Discussion of article "Advanced resampling and selection of CatBoost models by brute-force method" - page 2

[Deleted]  
Aleksey Vyazmikin:

Interesting article.

I got the feeling that with this tricky move with random assignment and pseudo-sample generation, we just find similar dependencies from the training period significant on the test.

What percentage of models fail the test?

It would be interesting to add a third sample - let us learn from the first one, select goodness-of-fit results given the test, and check the selection result on the exam.

But how can we find similar correlations if the market is random? The answer is none, only by spiking past data into the training. And there's nothing here. You can add even a 10th sample or test it in MT5 on new data.
[Deleted]  
Stanislav Korotky:
The main questionable point is learning from the latest data and testing on older data. This is somewhat analogous to looking into the future: the latest current models incorporate something from earlier models (market participants have memory, after all), but in the opposite direction it is more difficult to predict the future. I think that if you restart the algorithm in the canonical way (training on old data, testing on new data - it's more like reality), the result is not so good.
There is no difference, you can check. I just like it better this way.
 
Valeriy Yastremskiy:

It depends on what is considered a regularity, if it is the order of succession of increments, tied to time, then it is a seasonal regularity of behaviour of increments, if not tied, then the same sequence of increments with some freedom in accuracy.

And it depends on what is considered fitting. If knowingly identical series, then it is a fitting, but the purpose of the test (no matter from which side) is to check the result on not identical areas.

And the logic of training on the near period is logical, but it is the same, if we test in the depth of history, the result should be the same, if we train in the depth of history, and test in the near period.

We only confirm the hypothesis that there are regularities in the test and training plots.

Fitting - if the predictor(sheet or analogue) classified a small number of cases, less than 1% of the observations - this is me explaining what fitting is to me.

 
Maxim Dmitrievsky:
But how can we find similar relationships if the market is random? The answer is, we can't, only by feeding past data into the training. And here nothing is mixed in. You can add even 10 samples, or you can test in MT5 on new data.

I understand that there's no spoofing. I don't know Python, but it seems to me that the model is estimated from 2015 to 2020, right?

I'm more about the validity of the estimation criterion, how much it can help select a model that will work outside of the test sample that was used to select it.

[Deleted]  
Aleksey Vyazmikin:

My understanding is that it's not swept. I don't know Python, but it seems to me that the model evaluation is from 2015 to 2020, correct?

I'm more about the validity of the evaluation criterion, how much it can help select a model that will work outside of the test sample that was used to select it.

Everyone can evaluate as they wish. I think the approach in the article is quite normal. Normal. If there are any other super galactic testing techniques then please let me know.

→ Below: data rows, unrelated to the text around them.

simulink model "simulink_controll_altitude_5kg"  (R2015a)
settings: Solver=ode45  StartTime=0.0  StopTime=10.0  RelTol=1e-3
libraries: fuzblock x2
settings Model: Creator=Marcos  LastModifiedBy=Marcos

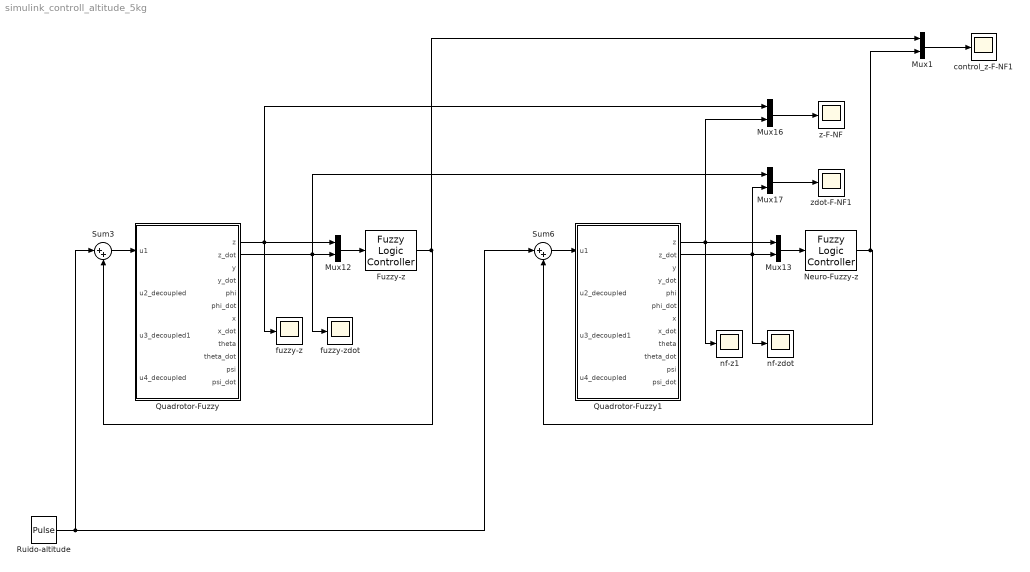
== system simulink_controll_altitude_5kg ==
  Fuzzy-z : fuzblock/Fuzzy Logic  Controller  fis='fis_altitude.fis'
  Mux{1,12..13,16..17} (5 alike) : Mux  Inputs=2
  Neuro-Fuzzy-z : fuzblock/Fuzzy Logic  Controller  fis='anfis_altitude.fis'
  Quadrotor-Fuzzy : Subsystem
  Quadrotor-Fuzzy1 : Subsystem
  Ruido-altitude : DiscretePulseGenerator  PulseType=Time based  Amplitude=100  Period=10
  Sum3 : Sum  Inputs=|++
  Sum6 : Sum  Inputs=|++
  control_z-F-NF1 : Scope
      settings: SaveName=control_z5
  fuzzy-z : Scope
      settings: SaveName=ScopeData17
  fuzzy-zdot : Scope
      settings: SaveName=ScopeData18
  nf-z1 : Scope
      settings: SaveName=ScopeData23
  nf-zdot : Scope
      settings: SaveName=ScopeData24
  z-F-NF : Scope
      settings: SaveName=z5
  zdot-F-NF1 : Scope
      settings: SaveName=zdot5
  wires:
  Mux12/1 -> Fuzzy-z/1
  Fuzzy-z/1 -> Mux1/1, Sum3/2
  Sum3/1 -> Quadrotor-Fuzzy/1(u1)
  Quadrotor-Fuzzy/1(z) -> Mux16/1, fuzzy-z/1, Mux12/1
  Quadrotor-Fuzzy/2(z_dot) -> Mux17/1, fuzzy-zdot/1, Mux12/2
  Mux13/1 -> Neuro-Fuzzy-z/1
  Ruido-altitude/1 -> Sum3/1, Sum6/1
  Neuro-Fuzzy-z/1 -> Mux1/2, Sum6/2
  Sum6/1 -> Quadrotor-Fuzzy1/1(u1)
  Quadrotor-Fuzzy1/1(z) -> Mux16/2, nf-z1/1, Mux13/1
  Quadrotor-Fuzzy1/2(z_dot) -> Mux17/2, nf-zdot/1, Mux13/2
  Mux16/1 -> z-F-NF/1
  Mux17/1 -> zdot-F-NF1/1
  Mux1/1 -> control_z-F-NF1/1

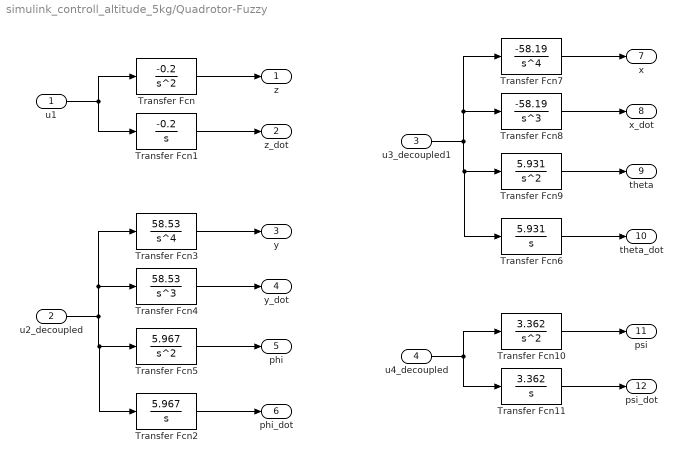
== system simulink_controll_altitude_5kg/Quadrotor-Fuzzy ==
  u1 : Inport
  u2_decoupled : Inport  Port=2
  u3_decoupled1 : Inport  Port=3
  u4_decoupled : Inport  Port=4
  Transfer Fcn : TransferFcn  Numerator=[-0.2]  Denominator=[1 0 0]
  Transfer Fcn1 : TransferFcn  Numerator=[-0.2]  Denominator=[1 0]
  Transfer Fcn10 : TransferFcn  Numerator=[3.362]  Denominator=[1 0 0]
  Transfer Fcn11 : TransferFcn  Numerator=[3.362]  Denominator=[1 0]
  Transfer Fcn2 : TransferFcn  Numerator=[5.967]  Denominator=[1 0]
  Transfer Fcn3 : TransferFcn  Numerator=[58.53]  Denominator=[1 0 0 0 0]
  Transfer Fcn4 : TransferFcn  Numerator=[58.53]  Denominator=[1 0 0 0]
  Transfer Fcn5 : TransferFcn  Numerator=[5.967]  Denominator=[1 0 0]
  Transfer Fcn6 : TransferFcn  Numerator=[5.931]  Denominator=[1 0]
  Transfer Fcn7 : TransferFcn  Numerator=[-58.19]  Denominator=[1 0 0 0 0]
  Transfer Fcn8 : TransferFcn  Numerator=[-58.19]  Denominator=[1 0 0 0]
  Transfer Fcn9 : TransferFcn  Numerator=[5.931]  Denominator=[1 0 0]
  z : Outport
  z_dot : Outport  Port=2
  y : Outport  Port=3
  y_dot : Outport  Port=4
  phi : Outport  Port=5
  phi_dot : Outport  Port=6
  x : Outport  Port=7
  x_dot : Outport  Port=8
  theta : Outport  Port=9
  theta_dot : Outport  Port=10
  psi : Outport  Port=11
  psi_dot : Outport  Port=12
  wires:
  Transfer Fcn/1 -> z/1
  u1/1 -> Transfer Fcn/1, Transfer Fcn1/1
  Transfer Fcn1/1 -> z_dot/1
  Transfer Fcn3/1 -> y/1
  u2_decoupled/1 -> Transfer Fcn3/1, Transfer Fcn4/1, Transfer Fcn2/1, Transfer Fcn5/1
  Transfer Fcn4/1 -> y_dot/1
  Transfer Fcn5/1 -> phi/1
  Transfer Fcn2/1 -> phi_dot/1
  Transfer Fcn7/1 -> x/1
  u3_decoupled1/1 -> Transfer Fcn7/1, Transfer Fcn8/1, Transfer Fcn6/1, Transfer Fcn9/1
  Transfer Fcn8/1 -> x_dot/1
  Transfer Fcn9/1 -> theta/1
  Transfer Fcn6/1 -> theta_dot/1
  Transfer Fcn10/1 -> psi/1
  u4_decoupled/1 -> Transfer Fcn10/1, Transfer Fcn11/1
  Transfer Fcn11/1 -> psi_dot/1

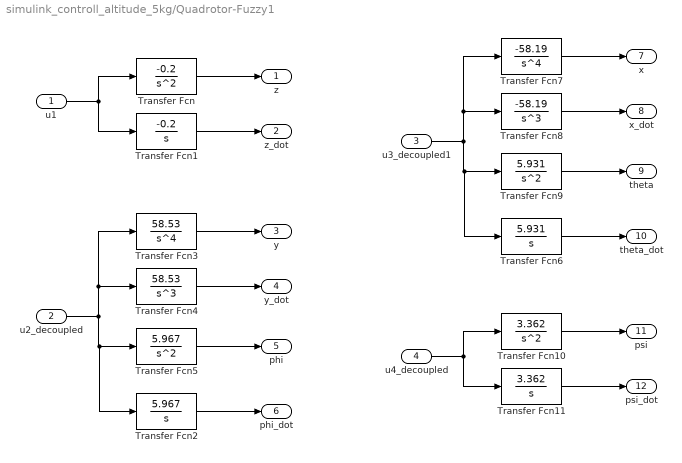
== system simulink_controll_altitude_5kg/Quadrotor-Fuzzy1 ==
  u1 : Inport
  u2_decoupled : Inport  Port=2
  u3_decoupled1 : Inport  Port=3
  u4_decoupled : Inport  Port=4
  Transfer Fcn : TransferFcn  Numerator=[-0.2]  Denominator=[1 0 0]
  Transfer Fcn1 : TransferFcn  Numerator=[-0.2]  Denominator=[1 0]
  Transfer Fcn10 : TransferFcn  Numerator=[3.362]  Denominator=[1 0 0]
  Transfer Fcn11 : TransferFcn  Numerator=[3.362]  Denominator=[1 0]
  Transfer Fcn2 : TransferFcn  Numerator=[5.967]  Denominator=[1 0]
  Transfer Fcn3 : TransferFcn  Numerator=[58.53]  Denominator=[1 0 0 0 0]
  Transfer Fcn4 : TransferFcn  Numerator=[58.53]  Denominator=[1 0 0 0]
  Transfer Fcn5 : TransferFcn  Numerator=[5.967]  Denominator=[1 0 0]
  Transfer Fcn6 : TransferFcn  Numerator=[5.931]  Denominator=[1 0]
  Transfer Fcn7 : TransferFcn  Numerator=[-58.19]  Denominator=[1 0 0 0 0]
  Transfer Fcn8 : TransferFcn  Numerator=[-58.19]  Denominator=[1 0 0 0]
  Transfer Fcn9 : TransferFcn  Numerator=[5.931]  Denominator=[1 0 0]
  z : Outport
  z_dot : Outport  Port=2
  y : Outport  Port=3
  y_dot : Outport  Port=4
  phi : Outport  Port=5
  phi_dot : Outport  Port=6
  x : Outport  Port=7
  x_dot : Outport  Port=8
  theta : Outport  Port=9
  theta_dot : Outport  Port=10
  psi : Outport  Port=11
  psi_dot : Outport  Port=12
  wires:
  Transfer Fcn/1 -> z/1
  u1/1 -> Transfer Fcn/1, Transfer Fcn1/1
  Transfer Fcn1/1 -> z_dot/1
  Transfer Fcn3/1 -> y/1
  u2_decoupled/1 -> Transfer Fcn3/1, Transfer Fcn4/1, Transfer Fcn2/1, Transfer Fcn5/1
  Transfer Fcn4/1 -> y_dot/1
  Transfer Fcn5/1 -> phi/1
  Transfer Fcn2/1 -> phi_dot/1
  Transfer Fcn7/1 -> x/1
  u3_decoupled1/1 -> Transfer Fcn7/1, Transfer Fcn8/1, Transfer Fcn6/1, Transfer Fcn9/1
  Transfer Fcn8/1 -> x_dot/1
  Transfer Fcn9/1 -> theta/1
  Transfer Fcn6/1 -> theta_dot/1
  Transfer Fcn10/1 -> psi/1
  u4_decoupled/1 -> Transfer Fcn10/1, Transfer Fcn11/1
  Transfer Fcn11/1 -> psi_dot/1

Without python, unfortunately, machine learning is almost non-existent... I'll have to learn it sooner or later, it's very simple )

 
Maxim Dmitrievsky:

Everyone is free to evaluate as they wish. I think the approach in the article is quite normal. Normal. If there are any other supergalactic testing technologies, please let me know.

The approach in the article is interesting, no argument here.

And we will invent supergalactic technologies :)

I think it is possible to look at the significance of predictors by number, say up to 1% and compare this index in different models, where the number is smaller, the probability of the model working is higher, as it has generalised more information - we should think in this way.

 
Aleksey Vyazmikin:

My understanding is that it's not swept. I don't know Python, but it seems to me that the model evaluation is from 2015 to 2020, correct?

I'm more about the validity of the evaluation criterion, how much it can help select a model that will work outside of the test sample that was used to select it.

To the extent that the series will be similar. There is a probability that the behaviour of a series outside the test sample differs so much that the found regularities will disappear. But it is finite and small on a small time scale.

And it cannot help.

 
Valeriy Yastremskiy:

As much as the series will be similar. There is a probability that the behaviour of the series outside the test sample differs so much that the found regularities disappear. But it is finite and small in a small time interval.

And it cannot help.

That's why I lack statistical information, let's say we studied 1000 models and 5% of them showed a good profit since 2015, at the same time we need to assess the similarity of models among themselves, which is more difficult, but more informative.

[Deleted]  
Aleksey Vyazmikin:

That's why I lack statistical information, let's say we studied 1000 models and 5% of them showed a good profit since 2015, but we also need to evaluate the similarity of models among themselves, which is more difficult, but more informative.

You can't write everything. If it's about that, yes. If the conditions are well chosen, in a bootforce cycle you get a lot of good models and few bad ones. It's just a matter of picking the best one. So it's not just one random model.

The article cites 2 models from the learning loop for 20 or 50 models (I don't remember), which are passing the test. And there are actually more profitable ones.

 
Maxim Dmitrievsky
Can you drop a link to Jupyter Notebook with this source code in Colab?